━━ LISTED RECORDS

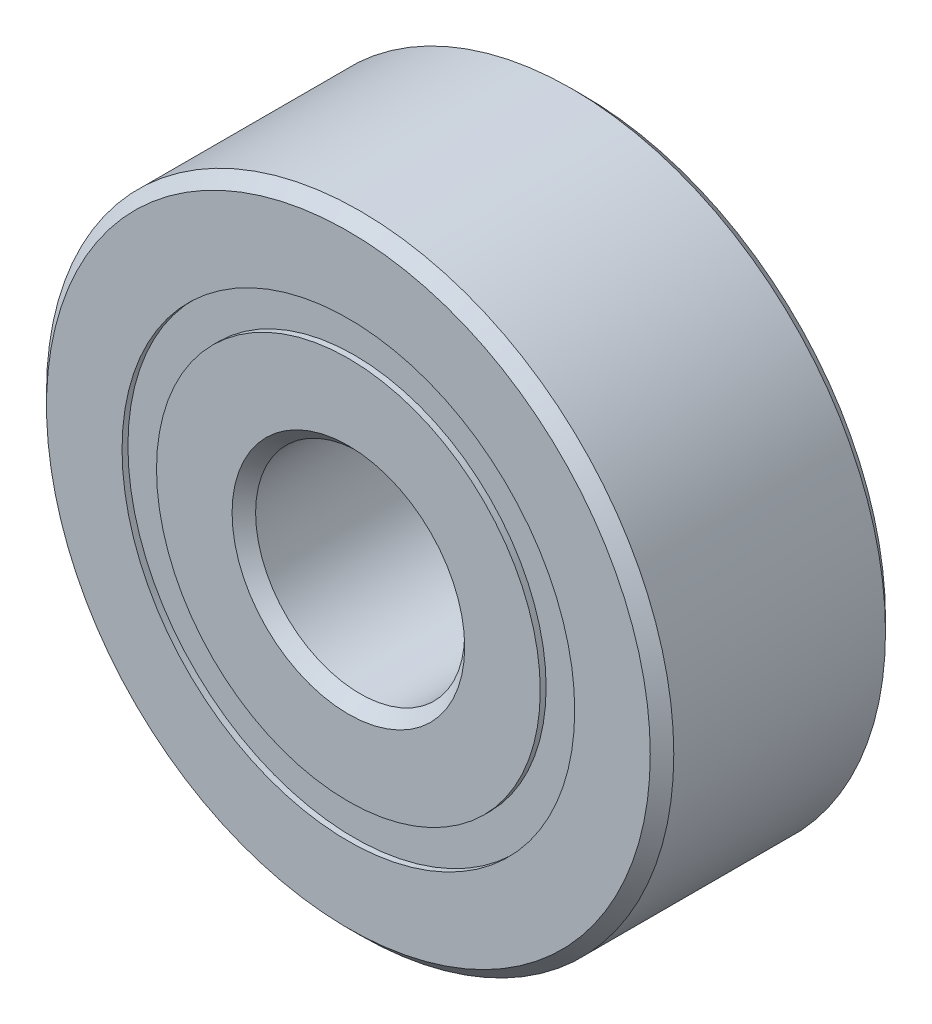
ISO-10303-21;
HEADER;
FILE_DESCRIPTION(('STEP AP214'),'2;1');
FILE_NAME('part.step','',(''),(''),'','','');
FILE_SCHEMA(('AUTOMOTIVE_DESIGN { 1 0 10303 214 1 1 1 1 }'));
ENDSEC;
DATA;
#1=APPLICATION_CONTEXT('core data for automotive mechanical design processes');
#2=APPLICATION_PROTOCOL_DEFINITION('international standard','automotive_design',2000,#1);
#3=PRODUCT_CONTEXT('',#1,'mechanical');
#4=PRODUCT('Part','Part','',(#3));
#5=PRODUCT_RELATED_PRODUCT_CATEGORY('part','',(#4));
#6=PRODUCT_DEFINITION_FORMATION('','',#4);
#7=PRODUCT_DEFINITION_CONTEXT('part definition',#1,'design');
#8=PRODUCT_DEFINITION('design','',#6,#7);
#9=PRODUCT_DEFINITION_SHAPE('','',#8);
#10=(LENGTH_UNIT() NAMED_UNIT(*) SI_UNIT(.MILLI.,.METRE.));
#11=(NAMED_UNIT(*) PLANE_ANGLE_UNIT() SI_UNIT($,.RADIAN.));
#12=(NAMED_UNIT(*) SI_UNIT($,.STERADIAN.) SOLID_ANGLE_UNIT());
#13=UNCERTAINTY_MEASURE_WITH_UNIT(LENGTH_MEASURE(1.E-05),#10,'distance_accuracy_value','');
#14=(GEOMETRIC_REPRESENTATION_CONTEXT(3) GLOBAL_UNCERTAINTY_ASSIGNED_CONTEXT((#13)) GLOBAL_UNIT_ASSIGNED_CONTEXT((#10,
#11,#12)) REPRESENTATION_CONTEXT('',''));
#15=CARTESIAN_POINT('',(0.,0.,0.));
#16=DIRECTION('',(0.,0.,1.));
#17=DIRECTION('',(1.,0.,0.));
#18=AXIS2_PLACEMENT_3D('',#15,#16,#17);
#19=CARTESIAN_POINT('',(0.,6.87335164835165,-3.39328125));
#20=DIRECTION('',(0.,0.,1.));
#21=DIRECTION('',(1.,0.,0.));
#22=AXIS2_PLACEMENT_3D('',#19,#20,#21);
#23=PLANE('',#22);
#24=CARTESIAN_POINT('',(0.,0.,-3.39328125));
#25=DIRECTION('',(0.,0.,1.));
#26=DIRECTION('',(1.,0.,0.));
#27=AXIS2_PLACEMENT_3D('',#24,#25,#26);
#28=CIRCLE('',#27,6.87335164835165);
#29=CARTESIAN_POINT('',(6.87335164835165,0.,-3.39328125));
#30=VERTEX_POINT('',#29);
#31=EDGE_CURVE('E55',#30,#30,#28,.T.);
#32=ORIENTED_EDGE('',*,*,#31,.F.);
#33=EDGE_LOOP('',(#32));
#34=FACE_BOUND('',#33,.T.);
#35=CARTESIAN_POINT('',(0.,0.,-3.39328125));
#36=DIRECTION('',(0.,0.,1.));
#37=DIRECTION('',(1.,0.,0.));
#38=AXIS2_PLACEMENT_3D('',#35,#36,#37);
#39=CIRCLE('',#38,5.82664835164835);
#40=CARTESIAN_POINT('',(5.82664835164835,0.,-3.39328125));
#41=VERTEX_POINT('',#40);
#42=EDGE_CURVE('E11',#41,#41,#39,.T.);
#43=ORIENTED_EDGE('',*,*,#42,.T.);
#44=EDGE_LOOP('',(#43));
#45=FACE_BOUND('',#44,.T.);
#46=ADVANCED_FACE('F41',(#34,#45),#23,.F.);
#47=CARTESIAN_POINT('',(0.,0.,3.571875));
#48=DIRECTION('',(0.,0.,1.));
#49=DIRECTION('',(1.,0.,0.));
#50=AXIS2_PLACEMENT_3D('',#47,#48,#49);
#51=CYLINDRICAL_SURFACE('',#50,5.82664835164835);
#52=ORIENTED_EDGE('',*,*,#42,.F.);
#53=EDGE_LOOP('',(#52));
#54=FACE_BOUND('',#53,.T.);
#55=CARTESIAN_POINT('',(0.,0.,-1.67154216154795));
#56=DIRECTION('',(0.,0.,1.));
#57=DIRECTION('',(1.,0.,0.));
#58=AXIS2_PLACEMENT_3D('',#55,#56,#57);
#59=CIRCLE('',#58,5.82664835164836);
#60=CARTESIAN_POINT('',(5.82664835164836,0.,-1.67154216154795));
#61=VERTEX_POINT('',#60);
#62=EDGE_CURVE('E47',#61,#61,#59,.T.);
#63=ORIENTED_EDGE('',*,*,#62,.T.);
#64=EDGE_LOOP('',(#63));
#65=FACE_BOUND('',#64,.T.);
#66=ADVANCED_FACE('F64',(#54,#65),#51,.F.);
#67=CARTESIAN_POINT('',(0.,6.87335164835165,-1.67154216154795));
#68=DIRECTION('',(0.,0.,-1.));
#69=DIRECTION('',(-1.,0.,0.));
#70=AXIS2_PLACEMENT_3D('',#67,#68,#69);
#71=PLANE('',#70);
#72=ORIENTED_EDGE('',*,*,#62,.F.);
#73=EDGE_LOOP('',(#72));
#74=FACE_BOUND('',#73,.T.);
#75=CARTESIAN_POINT('',(0.,0.,-1.67154216154795));
#76=DIRECTION('',(0.,0.,1.));
#77=DIRECTION('',(1.,0.,0.));
#78=AXIS2_PLACEMENT_3D('',#75,#76,#77);
#79=CIRCLE('',#78,6.87335164835165);
#80=CARTESIAN_POINT('',(6.87335164835165,0.,-1.67154216154795));
#81=VERTEX_POINT('',#80);
#82=EDGE_CURVE('E51',#81,#81,#79,.T.);
#83=ORIENTED_EDGE('',*,*,#82,.T.);
#84=EDGE_LOOP('',(#83));
#85=FACE_BOUND('',#84,.T.);
#86=ADVANCED_FACE('F68',(#74,#85),#71,.F.);
#87=CARTESIAN_POINT('',(0.,0.,3.571875));
#88=DIRECTION('',(0.,0.,1.));
#89=DIRECTION('',(1.,0.,0.));
#90=AXIS2_PLACEMENT_3D('',#87,#88,#89);
#91=CYLINDRICAL_SURFACE('',#90,6.87335164835165);
#92=ORIENTED_EDGE('',*,*,#82,.F.);
#93=EDGE_LOOP('',(#92));
#94=FACE_BOUND('',#93,.T.);
#95=ORIENTED_EDGE('',*,*,#31,.T.);
#96=EDGE_LOOP('',(#95));
#97=FACE_BOUND('',#96,.T.);
#98=ADVANCED_FACE('F61',(#94,#97),#91,.T.);
#99=CLOSED_SHELL('',(#46,#66,#86,#98));
#100=MANIFOLD_SOLID_BREP('B2',#99);
#101=CARTESIAN_POINT('',(0.,6.87335164835165,3.39328125));
#102=DIRECTION('',(0.,0.,-1.));
#103=DIRECTION('',(-1.,0.,0.));
#104=AXIS2_PLACEMENT_3D('',#101,#102,#103);
#105=PLANE('',#104);
#106=CARTESIAN_POINT('',(0.,0.,3.39328125));
#107=DIRECTION('',(0.,0.,1.));
#108=DIRECTION('',(1.,0.,0.));
#109=AXIS2_PLACEMENT_3D('',#106,#107,#108);
#110=CIRCLE('',#109,5.82664835164836);
#111=CARTESIAN_POINT('',(5.82664835164836,0.,3.39328125));
#112=VERTEX_POINT('',#111);
#113=EDGE_CURVE('E40',#112,#112,#110,.T.);
#114=ORIENTED_EDGE('',*,*,#113,.F.);
#115=EDGE_LOOP('',(#114));
#116=FACE_BOUND('',#115,.T.);
#117=CARTESIAN_POINT('',(0.,0.,3.39328125));
#118=DIRECTION('',(0.,0.,1.));
#119=DIRECTION('',(1.,0.,0.));
#120=AXIS2_PLACEMENT_3D('',#117,#118,#119);
#121=CIRCLE('',#120,6.87335164835165);
#122=CARTESIAN_POINT('',(6.87335164835165,0.,3.39328125));
#123=VERTEX_POINT('',#122);
#124=EDGE_CURVE('E122',#123,#123,#121,.T.);
#125=ORIENTED_EDGE('',*,*,#124,.T.);
#126=EDGE_LOOP('',(#125));
#127=FACE_BOUND('',#126,.T.);
#128=ADVANCED_FACE('F108',(#116,#127),#105,.F.);
#129=CARTESIAN_POINT('',(0.,0.,3.571875));
#130=DIRECTION('',(0.,0.,1.));
#131=DIRECTION('',(1.,0.,0.));
#132=AXIS2_PLACEMENT_3D('',#129,#130,#131);
#133=CYLINDRICAL_SURFACE('',#132,5.82664835164836);
#134=CARTESIAN_POINT('',(0.,0.,1.67154216154795));
#135=DIRECTION('',(0.,0.,1.));
#136=DIRECTION('',(1.,0.,0.));
#137=AXIS2_PLACEMENT_3D('',#134,#135,#136);
#138=CIRCLE('',#137,5.82664835164836);
#139=CARTESIAN_POINT('',(5.82664835164836,0.,1.67154216154795));
#140=VERTEX_POINT('',#139);
#141=EDGE_CURVE('E114',#140,#140,#138,.T.);
#142=ORIENTED_EDGE('',*,*,#141,.F.);
#143=EDGE_LOOP('',(#142));
#144=FACE_BOUND('',#143,.T.);
#145=ORIENTED_EDGE('',*,*,#113,.T.);
#146=EDGE_LOOP('',(#145));
#147=FACE_BOUND('',#146,.T.);
#148=ADVANCED_FACE('F137',(#144,#147),#133,.F.);
#149=CARTESIAN_POINT('',(0.,6.87335164835165,1.67154216154795));
#150=DIRECTION('',(0.,0.,1.));
#151=DIRECTION('',(1.,0.,0.));
#152=AXIS2_PLACEMENT_3D('',#149,#150,#151);
#153=PLANE('',#152);
#154=CARTESIAN_POINT('',(0.,0.,1.67154216154795));
#155=DIRECTION('',(0.,0.,1.));
#156=DIRECTION('',(1.,0.,0.));
#157=AXIS2_PLACEMENT_3D('',#154,#155,#156);
#158=CIRCLE('',#157,6.87335164835165);
#159=CARTESIAN_POINT('',(6.87335164835165,0.,1.67154216154795));
#160=VERTEX_POINT('',#159);
#161=EDGE_CURVE('E118',#160,#160,#158,.T.);
#162=ORIENTED_EDGE('',*,*,#161,.F.);
#163=EDGE_LOOP('',(#162));
#164=FACE_BOUND('',#163,.T.);
#165=ORIENTED_EDGE('',*,*,#141,.T.);
#166=EDGE_LOOP('',(#165));
#167=FACE_BOUND('',#166,.T.);
#168=ADVANCED_FACE('F132',(#164,#167),#153,.F.);
#169=CARTESIAN_POINT('',(0.,0.,3.571875));
#170=DIRECTION('',(0.,0.,1.));
#171=DIRECTION('',(1.,0.,0.));
#172=AXIS2_PLACEMENT_3D('',#169,#170,#171);
#173=CYLINDRICAL_SURFACE('',#172,6.87335164835165);
#174=ORIENTED_EDGE('',*,*,#124,.F.);
#175=EDGE_LOOP('',(#174));
#176=FACE_BOUND('',#175,.T.);
#177=ORIENTED_EDGE('',*,*,#161,.T.);
#178=EDGE_LOOP('',(#177));
#179=FACE_BOUND('',#178,.T.);
#180=ADVANCED_FACE('F129',(#176,#179),#173,.T.);
#181=CLOSED_SHELL('',(#128,#148,#168,#180));
#182=MANIFOLD_SOLID_BREP('B6',#181);
#183=CARTESIAN_POINT('',(-3.73243635205714,5.13725791428096,0.));
#184=DIRECTION('',(0.,0.,1.));
#185=DIRECTION('',(-0.587785252292462,0.809016994374955,0.));
#186=AXIS2_PLACEMENT_3D('',#183,#184,#185);
#187=SPHERICAL_SURFACE('',#186,1.67154216154795);
#188=CARTESIAN_POINT('',(-3.73243635205714,5.13725791428096,1.67154216154795));
#189=VERTEX_POINT('',#188);
#190=VERTEX_LOOP('',#189);
#191=FACE_BOUND('',#190,.T.);
#192=ADVANCED_FACE('F175',(#191),#187,.T.);
#193=CLOSED_SHELL('',(#192));
#194=MANIFOLD_SOLID_BREP('B35',#193);
#195=CARTESIAN_POINT('',(-6.0392088784742,1.96225791428098,0.));
#196=DIRECTION('',(0.,0.,1.));
#197=DIRECTION('',(-0.95105651629515,0.309016994374958,0.));
#198=AXIS2_PLACEMENT_3D('',#195,#196,#197);
#199=SPHERICAL_SURFACE('',#198,1.67154216154795);
#200=CARTESIAN_POINT('',(-6.0392088784742,1.96225791428098,1.67154216154795));
#201=VERTEX_POINT('',#200);
#202=VERTEX_LOOP('',#201);
#203=FACE_BOUND('',#202,.T.);
#204=ADVANCED_FACE('F195',(#203),#199,.T.);
#205=CLOSED_SHELL('',(#204));
#206=MANIFOLD_SOLID_BREP('B104',#205);
#207=CARTESIAN_POINT('',(-6.03920887847424,-1.96225791428086,0.));
#208=DIRECTION('',(0.,0.,1.));
#209=DIRECTION('',(-0.951056516295157,-0.309016994374938,0.));
#210=AXIS2_PLACEMENT_3D('',#207,#208,#209);
#211=SPHERICAL_SURFACE('',#210,1.67154216154795);
#212=CARTESIAN_POINT('',(-6.03920887847424,-1.96225791428086,1.67154216154795));
#213=VERTEX_POINT('',#212);
#214=VERTEX_LOOP('',#213);
#215=FACE_BOUND('',#214,.T.);
#216=ADVANCED_FACE('F215',(#215),#211,.T.);
#217=CLOSED_SHELL('',(#216));
#218=MANIFOLD_SOLID_BREP('B171',#217);
#219=CARTESIAN_POINT('',(-3.73243635205725,-5.13725791428088,0.));
#220=DIRECTION('',(0.,0.,1.));
#221=DIRECTION('',(-0.58778525229248,-0.809016994374942,0.));
#222=AXIS2_PLACEMENT_3D('',#219,#220,#221);
#223=SPHERICAL_SURFACE('',#222,1.67154216154795);
#224=CARTESIAN_POINT('',(-3.73243635205725,-5.13725791428088,1.67154216154795));
#225=VERTEX_POINT('',#224);
#226=VERTEX_LOOP('',#225);
#227=FACE_BOUND('',#226,.T.);
#228=ADVANCED_FACE('F235',(#227),#223,.T.);
#229=CLOSED_SHELL('',(#228));
#230=MANIFOLD_SOLID_BREP('B191',#229);
#231=CARTESIAN_POINT('',(0.,-6.35,0.));
#232=DIRECTION('',(0.,0.,1.));
#233=DIRECTION('',(0.,-1.,0.));
#234=AXIS2_PLACEMENT_3D('',#231,#232,#233);
#235=SPHERICAL_SURFACE('',#234,1.67154216154795);
#236=CARTESIAN_POINT('',(0.,-6.35,1.67154216154795));
#237=VERTEX_POINT('',#236);
#238=VERTEX_LOOP('',#237);
#239=FACE_BOUND('',#238,.T.);
#240=ADVANCED_FACE('F255',(#239),#235,.T.);
#241=CLOSED_SHELL('',(#240));
#242=MANIFOLD_SOLID_BREP('B211',#241);
#243=CARTESIAN_POINT('',(3.73243635205718,-5.13725791428094,0.));
#244=DIRECTION('',(0.,0.,1.));
#245=DIRECTION('',(0.587785252292469,-0.809016994374951,0.));
#246=AXIS2_PLACEMENT_3D('',#243,#244,#245);
#247=SPHERICAL_SURFACE('',#246,1.67154216154795);
#248=CARTESIAN_POINT('',(3.73243635205718,-5.13725791428094,1.67154216154795));
#249=VERTEX_POINT('',#248);
#250=VERTEX_LOOP('',#249);
#251=FACE_BOUND('',#250,.T.);
#252=ADVANCED_FACE('F275',(#251),#247,.T.);
#253=CLOSED_SHELL('',(#252));
#254=MANIFOLD_SOLID_BREP('B231',#253);
#255=CARTESIAN_POINT('',(6.03920887847422,-1.96225791428094,0.));
#256=DIRECTION('',(0.,0.,1.));
#257=DIRECTION('',(0.951056516295152,-0.309016994374952,0.));
#258=AXIS2_PLACEMENT_3D('',#255,#256,#257);
#259=SPHERICAL_SURFACE('',#258,1.67154216154795);
#260=CARTESIAN_POINT('',(6.03920887847422,-1.96225791428094,1.67154216154795));
#261=VERTEX_POINT('',#260);
#262=VERTEX_LOOP('',#261);
#263=FACE_BOUND('',#262,.T.);
#264=ADVANCED_FACE('F295',(#263),#259,.T.);
#265=CLOSED_SHELL('',(#264));
#266=MANIFOLD_SOLID_BREP('B251',#265);
#267=CARTESIAN_POINT('',(6.03920887847423,1.9622579142809,0.));
#268=DIRECTION('',(0.,0.,1.));
#269=DIRECTION('',(0.951056516295155,0.309016994374945,0.));
#270=AXIS2_PLACEMENT_3D('',#267,#268,#269);
#271=SPHERICAL_SURFACE('',#270,1.67154216154795);
#272=CARTESIAN_POINT('',(6.03920887847423,1.9622579142809,1.67154216154795));
#273=VERTEX_POINT('',#272);
#274=VERTEX_LOOP('',#273);
#275=FACE_BOUND('',#274,.T.);
#276=ADVANCED_FACE('F315',(#275),#271,.T.);
#277=CLOSED_SHELL('',(#276));
#278=MANIFOLD_SOLID_BREP('B271',#277);
#279=CARTESIAN_POINT('',(3.73243635205721,5.13725791428091,0.));
#280=DIRECTION('',(0.,0.,1.));
#281=DIRECTION('',(0.587785252292474,0.809016994374947,0.));
#282=AXIS2_PLACEMENT_3D('',#279,#280,#281);
#283=SPHERICAL_SURFACE('',#282,1.67154216154795);
#284=CARTESIAN_POINT('',(3.73243635205721,5.13725791428091,1.67154216154795));
#285=VERTEX_POINT('',#284);
#286=VERTEX_LOOP('',#285);
#287=FACE_BOUND('',#286,.T.);
#288=ADVANCED_FACE('F335',(#287),#283,.T.);
#289=CLOSED_SHELL('',(#288));
#290=MANIFOLD_SOLID_BREP('B291',#289);
#291=CARTESIAN_POINT('',(0.,6.35,0.));
#292=DIRECTION('',(0.,0.,1.));
#293=DIRECTION('',(0.,1.,0.));
#294=AXIS2_PLACEMENT_3D('',#291,#292,#293);
#295=SPHERICAL_SURFACE('',#294,1.67154216154795);
#296=CARTESIAN_POINT('',(0.,6.35,1.67154216154795));
#297=VERTEX_POINT('',#296);
#298=VERTEX_LOOP('',#297);
#299=FACE_BOUND('',#298,.T.);
#300=ADVANCED_FACE('F357',(#299),#295,.T.);
#301=CLOSED_SHELL('',(#300));
#302=MANIFOLD_SOLID_BREP('B311',#301);
#303=CARTESIAN_POINT('',(0.,5.82664835164836,3.571875));
#304=DIRECTION('',(0.,0.,-1.));
#305=DIRECTION('',(-1.,0.,0.));
#306=AXIS2_PLACEMENT_3D('',#303,#304,#305);
#307=PLANE('',#306);
#308=CARTESIAN_POINT('',(0.,0.,3.571875));
#309=DIRECTION('',(0.,0.,1.));
#310=DIRECTION('',(1.,0.,0.));
#311=AXIS2_PLACEMENT_3D('',#308,#309,#310);
#312=CIRCLE('',#311,3.5321875);
#313=CARTESIAN_POINT('',(3.5321875,0.,3.571875));
#314=VERTEX_POINT('',#313);
#315=EDGE_CURVE('E404',#314,#314,#312,.T.);
#316=ORIENTED_EDGE('',*,*,#315,.F.);
#317=EDGE_LOOP('',(#316));
#318=FACE_BOUND('',#317,.T.);
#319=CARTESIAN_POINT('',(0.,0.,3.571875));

━━━━

▶ [TO DO]: Omit the pictures. Print, word for word, the lines from the beginning of the entries above through the line that holds "#30=VERTEX_POINT('',#29);".

▶ [TASK RESPONSE]:
ISO-10303-21;
HEADER;
FILE_DESCRIPTION(('STEP AP214'),'2;1');
FILE_NAME('part.step','',(''),(''),'','','');
FILE_SCHEMA(('AUTOMOTIVE_DESIGN { 1 0 10303 214 1 1 1 1 }'));
ENDSEC;
DATA;
#1=APPLICATION_CONTEXT('core data for automotive mechanical design processes');
#2=APPLICATION_PROTOCOL_DEFINITION('international standard','automotive_design',2000,#1);
#3=PRODUCT_CONTEXT('',#1,'mechanical');
#4=PRODUCT('Part','Part','',(#3));
#5=PRODUCT_RELATED_PRODUCT_CATEGORY('part','',(#4));
#6=PRODUCT_DEFINITION_FORMATION('','',#4);
#7=PRODUCT_DEFINITION_CONTEXT('part definition',#1,'design');
#8=PRODUCT_DEFINITION('design','',#6,#7);
#9=PRODUCT_DEFINITION_SHAPE('','',#8);
#10=(LENGTH_UNIT() NAMED_UNIT(*) SI_UNIT(.MILLI.,.METRE.));
#11=(NAMED_UNIT(*) PLANE_ANGLE_UNIT() SI_UNIT($,.RADIAN.));
#12=(NAMED_UNIT(*) SI_UNIT($,.STERADIAN.) SOLID_ANGLE_UNIT());
#13=UNCERTAINTY_MEASURE_WITH_UNIT(LENGTH_MEASURE(1.E-05),#10,'distance_accuracy_value','');
#14=(GEOMETRIC_REPRESENTATION_CONTEXT(3) GLOBAL_UNCERTAINTY_ASSIGNED_CONTEXT((#13)) GLOBAL_UNIT_ASSIGNED_CONTEXT((#10,
#11,#12)) REPRESENTATION_CONTEXT('',''));
#15=CARTESIAN_POINT('',(0.,0.,0.));
#16=DIRECTION('',(0.,0.,1.));
#17=DIRECTION('',(1.,0.,0.));
#18=AXIS2_PLACEMENT_3D('',#15,#16,#17);
#19=CARTESIAN_POINT('',(0.,6.87335164835165,-3.39328125));
#20=DIRECTION('',(0.,0.,1.));
#21=DIRECTION('',(1.,0.,0.));
#22=AXIS2_PLACEMENT_3D('',#19,#20,#21);
#23=PLANE('',#22);
#24=CARTESIAN_POINT('',(0.,0.,-3.39328125));
#25=DIRECTION('',(0.,0.,1.));
#26=DIRECTION('',(1.,0.,0.));
#27=AXIS2_PLACEMENT_3D('',#24,#25,#26);
#28=CIRCLE('',#27,6.87335164835165);
#29=CARTESIAN_POINT('',(6.87335164835165,0.,-3.39328125));
#30=VERTEX_POINT('',#29);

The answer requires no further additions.